O conhecimento da identidade da principal proteína a ser encontrada ligada à sonda de +RNA após a DP possibilitou a validação do protocolo pela identificação de TDP-43 no eluato, utilizando espectrometria de massas (MS) e western blot (WB) (Figura 1).
A análise de MS foi realizada em quatro réplicas de PD realizadas usando +RNA ou -RNA (Figura 2). A identificação dos interatomizadores de +RNA e -RNA está fora do escopo deste protocolo, porém alguns resultados que validam a acurácia do protocolo são relatados. Digno de nota, plotar as proteínas significativamente enriquecidas em um gráfico de vulcão revelou que o conteúdo de proteína total e as proteínas enriquecidas eluídas de +RNA foi significativamente maior do que o que foi recuperado de -RNA (Figura 2). Isso significa que, apesar de ter o mesmo comprimento e conteúdo estrutural (linear), o +RNA pode estabelecer um número maior de interações específicas, que são retidas até a etapa de eluição com sal alto. É provável que o -RNA, em vez disso, estabeleça um número maior de contatos inespecíficos que são interrompidos durante as etapas de lavagem. Como esperado, o TDP-43 foi identificado como um interator único do +RNA20; a quantificação label-free média (LFQ) para as quatro réplicas de PD realizadas com +RNA é de 31,96 ± 0,56, enquanto a proteína não é identificada entre os interatores do -RNA. Além disso, entre todos os interatores únicos de +RNA, TDP-43 foi encontrado para ser a proteína mais abundantemente enriquecida.
Para validar ainda mais o protocolo, o algoritmo interno catRAPID18,19 foi usado para prever computacionalmente quais outras proteínas se ligariam especificamente a +RNA ou -RNA. Em particular, os escores de interação para +RNA e -RNA com as proteínas que compõem o proteoma humano foram calculados usando a característica catRAPID 'interaction propensity', conforme definido em nosso trabalho anterior27. Entre as proteínas pontuadas com alta confiança, HNRNPH3 foi previsto para ligar seletivamente +RNA (+escore de interação RNA = 1,01; -RNA interaction score = 0,21) e PCBP2 para interagir especificamente com -RNA (+RNA interaction score = -0,5; -RNA interaction score = 0,31) (Figura 3A). Além disso, a proteína RBM41 foi prevista como promíscua para ambos os oligonucleotídeos de RNA (+escore de interação de RNA = 0,4; escore de interação -RNA = 0,39) (Figura 3A). A análise de MS confirmou a presença de HNRNPH3 e PCBP2 na PD de +RNA e -RNA, respectivamente, enquanto RBM41 foi encontrado interagindo com ambos (Figura 3B).
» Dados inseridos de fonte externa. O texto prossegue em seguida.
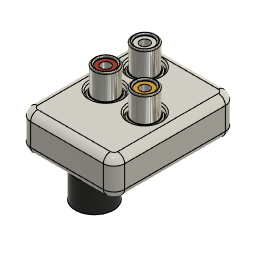
AV Adapter case v11 (Autodesk Fusion 360 design; units mm, degrees)
Autodesk Fusion 360 part; units mm, degrees
sketch "top place" plane through (0, 0, 0) normal (0, 0, 1) x (1, 0, 0) in component "PCB"
  arc A0 (28, 37) -> (27, 38) centre (27, 37) ccw
  line L0 (28, 37) -> (28, 1)
  line L1 (1, 38) -> (27, 38)
  arc A1 (27, 0) -> (28, 1) centre (27, 1) ccw
  line L2 (27, 0) -> (1, 0)
  arc A2 (0, 1) -> (1, 0) centre (1, 1) ccw
  line L3 (0, 1) -> (0, 37)
  arc A3 (1, 38) -> (0, 37) centre (1, 37) ccw
  arc A4 (25.3133, 15.5251) -> (25.3133, 20.4749) centre (21, 18) ccw
  circle A5 centre (7, 32) radius 1.7
  arc A6 (23.4749, 22.3133) -> (18.5251, 22.3133) centre (21, 18) ccw
  arc A7 (3.4645, 34.2627) -> (3.4645, 29.7373) centre (7, 32) ccw
  circle A8 centre (21, 18) radius 3.1
  arc A9 (23.2627, 21.5355) -> (18.7373, 21.5355) centre (21, 18) ccw
  arc A10 (11.3133, 29.5251) -> (11.3133, 34.4749) centre (7, 32) ccw
  arc A11 (16.6867, 20.4749) -> (16.6867, 15.5251) centre (21, 18) ccw
  arc A12 (24.5355, 15.7373) -> (24.5355, 20.2627) centre (21, 18) ccw
  arc A13 (18.5251, 13.6867) -> (23.4749, 13.6867) centre (21, 18) ccw
  arc A14 (4.5251, 27.6867) -> (9.4749, 27.6867) centre (7, 32) ccw
  arc A15 (9.4749, 36.3133) -> (4.5251, 36.3133) centre (7, 32) ccw
  arc A16 (4.7373, 28.4645) -> (9.2627, 28.4645) centre (7, 32) ccw
  circle A17 centre (7, 18) radius 3.1
  arc A18 (11.3133, 15.5251) -> (11.3133, 20.4749) centre (7, 18) ccw
  arc A19 (9.2627, 35.5355) -> (4.7373, 35.5355) centre (7, 32) ccw
  arc A20 (4.5251, 13.6867) -> (9.4749, 13.6867) centre (7, 18) ccw
  arc A21 (2.6867, 34.4749) -> (2.6867, 29.5251) centre (7, 32) ccw
  arc A22 (4.7373, 14.4645) -> (9.2627, 14.4645) centre (7, 18) ccw
  arc A23 (10.5355, 29.7373) -> (10.5355, 34.2627) centre (7, 32) ccw
  arc A24 (18.7373, 14.4645) -> (23.2627, 14.4645) centre (21, 18) ccw
  arc A25 (3.4645, 20.2627) -> (3.4645, 15.7373) centre (7, 18) ccw
  circle A26 centre (7, 32) radius 3.1
  arc A27 (17.4645, 20.2627) -> (17.4645, 15.7373) centre (21, 18) ccw
  circle A28 centre (21, 18) radius 1.7
  circle A29 centre (7, 18) radius 1.7
  arc A30 (9.2627, 21.5355) -> (4.7373, 21.5355) centre (7, 18) ccw
  arc A31 (9.4749, 22.3133) -> (4.5251, 22.3133) centre (7, 18) ccw
  arc A32 (2.6867, 20.4749) -> (2.6867, 15.5251) centre (7, 18) ccw
  arc A33 (10.5355, 15.7373) -> (10.5355, 20.2627) centre (7, 18) ccw
  arc A34 (4.7373, 21.5355) -> (3.4645, 20.2627) centre (7, 18) ccw
  arc A35 (10.5355, 20.2627) -> (9.2627, 21.5355) centre (7, 18) ccw
  arc A36 (17.4645, 15.7373) -> (18.7373, 14.4645) centre (21, 18) ccw
  arc A37 (9.4749, 27.6867) -> (11.3133, 29.5251) centre (7, 32) ccw
  arc A38 (25.3133, 20.4749) -> (23.4749, 22.3133) centre (21, 18) ccw
  arc A39 (4.7373, 35.5355) -> (3.4645, 34.2627) centre (7, 32) ccw
  arc A40 (16.6867, 15.5251) -> (18.5251, 13.6867) centre (21, 18) ccw
  arc A41 (9.2627, 14.4645) -> (10.5355, 15.7373) centre (7, 18) ccw
  arc A42 (2.6867, 29.5251) -> (4.5251, 27.6867) centre (7, 32) ccw
  arc A43 (23.4749, 13.6867) -> (25.3133, 15.5251) centre (21, 18) ccw
  arc A44 (18.5251, 22.3133) -> (16.6867, 20.4749) centre (21, 18) ccw
  arc A45 (4.5251, 22.3133) -> (2.6867, 20.4749) centre (7, 18) ccw
  arc A46 (3.4645, 29.7373) -> (4.7373, 28.4645) centre (7, 32) ccw
  arc A47 (18.7373, 21.5355) -> (17.4645, 20.2627) centre (21, 18) ccw
  arc A48 (23.2627, 14.4645) -> (24.5355, 15.7373) centre (21, 18) ccw
  arc A49 (11.3133, 20.4749) -> (9.4749, 22.3133) centre (7, 18) ccw
  arc A50 (9.2627, 28.4645) -> (10.5355, 29.7373) centre (7, 32) ccw
  arc A51 (10.5355, 34.2627) -> (9.2627, 35.5355) centre (7, 32) ccw
  arc A52 (9.4749, 13.6867) -> (11.3133, 15.5251) centre (7, 18) ccw
  arc A53 (11.3133, 34.4749) -> (9.4749, 36.3133) centre (7, 32) ccw
  arc A54 (2.6867, 15.5251) -> (4.5251, 13.6867) centre (7, 18) ccw
  arc A55 (24.5355, 20.2627) -> (23.2627, 21.5355) centre (21, 18) ccw
  arc A56 (4.5251, 36.3133) -> (2.6867, 34.4749) centre (7, 32) ccw
  arc A57 (3.4645, 15.7373) -> (4.7373, 14.4645) centre (7, 18) ccw
extrude "Extrude1" add sketch "top place" against normal blind 1.6 contours A0 L0 L1 A1 L2 A2 L3 A3 | A4 A6 A11 A13 A38 A40 A43 A44 | A5 | A7 A16 A19 A23 A39 A46 A50 A51 | A8 | A9 A12 A24 A27 A36 A47 A48 A55 | A10 A14 A15 A21 A37 A42 A53 A56 | A17 | A18 A20 A31 A32 A45 A49 A52 A54 | A22 A25 A30 A33 A34 A35 A41 A57 | A26 | A28 | A29 makes body 1 in component "PCB"
extrude "Extrude2" add sketch "top place" along normal blind 16.3 contours A8 | A17 | A26 bodies 1 in component "PCB"
extrude "Extrude3" add sketch "top place" along normal blind 17 contours A7 A16 A19 A23 A39 A46 A50 A51 | A9 A12 A24 A27 A36 A47 A48 A55 | A22 A25 A30 A33 A34 A35 A41 A57 bodies 1 in component "PCB"
extrude "Extrude4" add sketch "top place" along normal blind 8 contours A4 A6 A11 A13 A38 A40 A43 A44 | A10 A14 A15 A21 A37 A42 A53 A56 | A18 A20 A31 A32 A45 A49 A52 A54 bodies 1 in component "PCB"
fillet "Fillet2" radius 0.5 9 edges at (10.1265, 21.8671, 8) (9.478, 21.3881, 17) (4.1098, 19.121, 17) (10.8671, 28.8735, 8) (4.522, 28.6119, 17) (4.1098, 33.121, 17) (24.8671, 14.8735, 8) (18.522, 14.6119, 17) (18.1098, 19.121, 17) on bodies 1 in component "PCB"
ref_plane "WorkPlane1" through (0, 0, -1.6) normal (0, 0, 1) x (1, 0, 0) in component "PCB"
sketch "bottom place" plane through (0, 0, -1.6) normal (0, 0, 1) x (1, 0, 0) in component "PCB"
  arc A0 (28, 37) -> (27, 38) centre (27, 37) ccw
  line L0 (27, 0) -> (1, 0)
  arc A1 (27, 0) -> (28, 1) centre (27, 1) ccw
  arc A2 (0, 1) -> (1, 0) centre (1, 1) ccw
  line L1 (0, 1) -> (0, 37)
  line L2 (28, 37) -> (28, 1)
  arc A3 (1, 38) -> (0, 37) centre (1, 37) ccw
  line L3 (1, 38) -> (27, 38)
  circle A4 centre (13, 8) radius 6.8
  arc A5 (11.9, 14.1) -> (14.1, 14.1) centre (13, 14.2) ccw
  circle A6 centre (13, 8) radius 6.2
  circle A7 centre (16.5, 8) radius 0.8
  circle A8 centre (9.5, 8) radius 0.8
  circle A9 centre (15.47, 5.53) radius 0.8
  circle A10 centre (13, 4.5) radius 0.8
  circle A11 centre (10.53, 5.53) radius 0.8
extrude "Extrude5" add sketch "bottom place" against normal blind 14.51 contours A7 | A8 | A9 | A10 | A11 bodies 1 in component "PCB"
chamfer "Chamfer1" distance 0.5 angle 45 5 edges at (15.7541, 8.2893, -16.11) (14.7241, 5.8193, -16.11) (12.2541, 4.7893, -16.11) (9.7841, 5.8193, -16.11) (8.7541, 8.2893, -16.11) on bodies 1 in component "PCB"
extrude "Extrude6" add sketch "bottom place" against normal blind 3 from surface at -3 contours A5 A6 | A5 A6 bodies 1 in component "PCB"
extrude "Extrude7" add sketch "bottom place" against normal blind 10 from surface at -5.5 contours A4 bodies 1 in component "PCB"
sketch "bottom stop mask" plane through (0, 0, -1.6) normal (0, 0, 1) x (1, 0, 0) in component "PCB"
  line L0 (27, 0) -> (1, 0)
  arc A0 (27, 0) -> (28, 1) centre (27, 1) ccw
  line L1 (0, 1) -> (0, 37)
  arc A1 (28, 37) -> (27, 38) centre (27, 37) ccw
  line L2 (1, 38) -> (27, 38)
  arc A2 (1, 38) -> (0, 37) centre (1, 37) ccw
  line L3 (28, 37) -> (28, 1)
  arc A3 (0, 1) -> (1, 0) centre (1, 1) ccw
  line L4 (14.5294, 4.5894) -> (16.4106, 2.7082)
  circle A4 centre (24.5355, 21.5355) radius 1.3716
  arc A5 (16.4106, 2.7082) -> (18.2918, 4.5894) centre (17.3512, 3.6488) ccw
  line L5 (9.5, 9.3302) -> (6.8396, 9.3302)
  arc A6 (16.5, 9.3302) -> (16.5, 6.6698) centre (16.5, 8) ccw
  arc A7 (9.5, 6.6698) -> (9.5, 9.3302) centre (9.5, 8) ccw
  line L6 (14.3302, 1.8396) -> (14.3302, 4.5)
  line L7 (16.5, 6.6698) -> (19.1604, 6.6698)
  circle A8 centre (17.4645, 21.5355) radius 1.3716
  circle A9 centre (24.5355, 14.4645) radius 1.3716
  arc A10 (19.1604, 6.6698) -> (19.1604, 9.3302) centre (19.1604, 8) ccw
  line L8 (11.6698, 4.5) -> (11.6698, 1.8396)
  line L9 (6.8396, 6.6698) -> (9.5, 6.6698)
  line L10 (19.1604, 9.3302) -> (16.5, 9.3302)
  arc A11 (6.8396, 9.3302) -> (6.8396, 6.6698) centre (6.8396, 8) ccw
  arc A12 (11.6698, 1.8396) -> (14.3302, 1.8396) centre (13, 1.8396) ccw
  line L11 (9.5894, 6.4706) -> (7.7082, 4.5894)
  arc A13 (14.3302, 4.5) -> (11.6698, 4.5) centre (13, 4.5) ccw
  circle A14 centre (3.4645, 28.4645) radius 1.3716
  circle A15 centre (3.4645, 21.5355) radius 1.3716
  circle A16 centre (10.5355, 28.4645) radius 1.3716
  circle A17 centre (10.5355, 21.5355) radius 1.3716
  circle A18 centre (7, 18) radius 1.1938
  arc A19 (7.7082, 4.5894) -> (9.5894, 2.7082) centre (8.6488, 3.6488) ccw
  circle A20 centre (10.5355, 35.5355) radius 1.3716
  circle A21 centre (17.4645, 14.4645) radius 1.3716
  circle A22 centre (21, 18) radius 1.1938
  line L12 (18.2918, 4.5894) -> (16.4106, 6.4706)
  arc A23 (16.4106, 6.4706) -> (14.5294, 4.5894) centre (15.47, 5.53) ccw
  circle A24 centre (10.5355, 14.4645) radius 1.3716
  arc A25 (11.4706, 4.5894) -> (9.5894, 6.4706) centre (10.53, 5.53) ccw
  line L13 (9.5894, 2.7082) -> (11.4706, 4.5894)
  circle A26 centre (7, 32) radius 1.1938
  circle A27 centre (3.4645, 14.4645) radius 1.3716
  circle A28 centre (3.4645, 35.5355) radius 1.3716
extrude "Extrude8" add sketch "bottom stop mask" against normal blind 1.5 contours A4 | A8 | A9 | A14 | A15 | A16 | A17 | A18 | A20 | A21 | A22 | A24 | A26 | A27 | A28 bodies 1 in component "PCB"
chamfer "Chamfer2" distance 0.5 angle 45 15 edges at (23.2567, 22.0315, -3.1) (23.2567, 14.9605, -3.1) (19.887, 18.4317, -3.1) (16.1857, 22.0315, -3.1) (16.1857, 14.9605, -3.1) (9.2567, 14.9605, -3.1) (9.2567, 22.0315, -3.1) (9.2567, 28.9605, -3.1) (9.2567, 36.0315, -3.1) (5.887, 32.4317, -3.1) (2.1857, 36.0315, -3.1) (2.1857, 28.9605, -3.1) (2.1857, 22.0315, -3.1) (5.887, 18.4317, -3.1) (2.1857, 14.9605, -3.1) on bodies 1 in component "PCB"
ref_plane "WorkPlane1" through (14, 19, -1.7) normal (0, 0, -1) x (-1, 0, 0) in component "bottom shell"
sketch "bottom shell base" plane through (14, 19, -1.7) normal (0, 0, -1) x (1, 0, 0) in component "bottom shell"
  line L0 (-13, -19) -> (13, -19) construction
  arc A0 (-14, -18) -> (-13, -19) centre (-13, -18) ccw construction
  line L1 (-14, 18) -> (-14, -18) construction
  arc A1 (-13, 19) -> (-14, 18) centre (-13, 18) ccw construction
  line L2 (13, 19) -> (-13, 19) construction
  arc A2 (14, 18) -> (13, 19) centre (13, 18) ccw construction
  line L3 (14, -18) -> (14, 18) construction
  arc A3 (13, -19) -> (14, -18) centre (13, -18) ccw construction
  circle A4 centre (-1, 11) radius 6.8 construction
  line L4 (-14.3, 18) -> (-14.3, -18)
  arc A5 (-14.3, -18) -> (-13, -19.3) centre (-13, -18) ccw
  line L5 (-13, -19.3) -> (13, -19.3)
  arc A6 (13, -19.3) -> (14.3, -18) centre (13, -18) ccw
  line L6 (14.3, -18) -> (14.3, 18)
  arc A7 (14.3, 18) -> (13, 19.3) centre (13, 18) ccw
  line L7 (13, 19.3) -> (-13, 19.3)
  arc A8 (-13, 19.3) -> (-14.3, 18) centre (-13, 18) ccw
  circle A9 centre (-1, 11) radius 7.1
  line L8 (-13, -21.8) -> (13, -21.8)
  arc A10 (13, -21.8) -> (16.8, -18) centre (13, -18) ccw
  line L9 (16.8, -18) -> (16.8, 18)
  arc A11 (16.8, 18) -> (13, 21.8) centre (13, 18) ccw
  line L10 (13, 21.8) -> (-13, 21.8)
  arc A12 (-13, 21.8) -> (-16.8, 18) centre (-13, 18) ccw
  line L11 (-16.8, 18) -> (-16.8, -18)
  arc A13 (-16.8, -18) -> (-13, -21.8) centre (-13, -18) ccw
  line L12 (-13, -20.8) -> (13, -20.8)
  arc A14 (13, -20.8) -> (15.8, -18) centre (13, -18) ccw
  line L13 (15.8, -18) -> (15.8, 18)
  arc A15 (15.8, 18) -> (13, 20.8) centre (13, 18) ccw
  line L14 (13, 20.8) -> (-13, 20.8)
  arc A16 (-13, 20.8) -> (-15.8, 18) centre (-13, 18) ccw
  line L15 (-15.8, 18) -> (-15.8, -18)
  arc A17 (-15.8, -18) -> (-13, -20.8) centre (-13, -18) ccw
  dimension "d27" = 0.3
  dimension "d28" = 0.3
  dimension "d31" = 2.8
  dimension "d32" = 1.8
extrude "Extrude1'" add sketch "bottom shell base" along normal blind 2.5 separate body contours L4 A5 L5 A6 L6 A7 L7 A8 | L8 A10 L9 A11 L10 A12 L11 A13 | L12 A14 L13 A15 L14 A16 L15 A17 makes body 2 in component "bottom shell"
sketch "solder pads" plane through (0, 0, -1.7) normal (0, 0, 1) x (-1, 0, 0) in component "bottom shell"
  circle A0 centre (-13, -8) radius 7.1
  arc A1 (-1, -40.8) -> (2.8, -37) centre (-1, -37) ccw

O WB foi utilizado para detectar a presença de TDP-43 para confirmar ainda mais os resultados e durante a otimização do protocolo (Figura 4). No procedimento aqui descrito, diferentes amostras foram coletadas em diferentes estágios. A amostra de entrada (IN) consistiu das proteínas totais diluídas em tampão de lise. O flowthrough (FT) foi obtido após uma incubação noturna das proteínas totais com as esferas de estreptavidina pré-revestidas com o RNA biotinilado, representando a fração de proteínas que não se ligaram ao RNA. Finalmente, o eluato (EL) continha todas as proteínas que reconheciam especificamente o RNA sob investigação, uma vez que entre as etapas FT e EL três etapas de lavagem com sal 150 mM e triton-X 0,1% deveriam ter removido as interações mais fracas.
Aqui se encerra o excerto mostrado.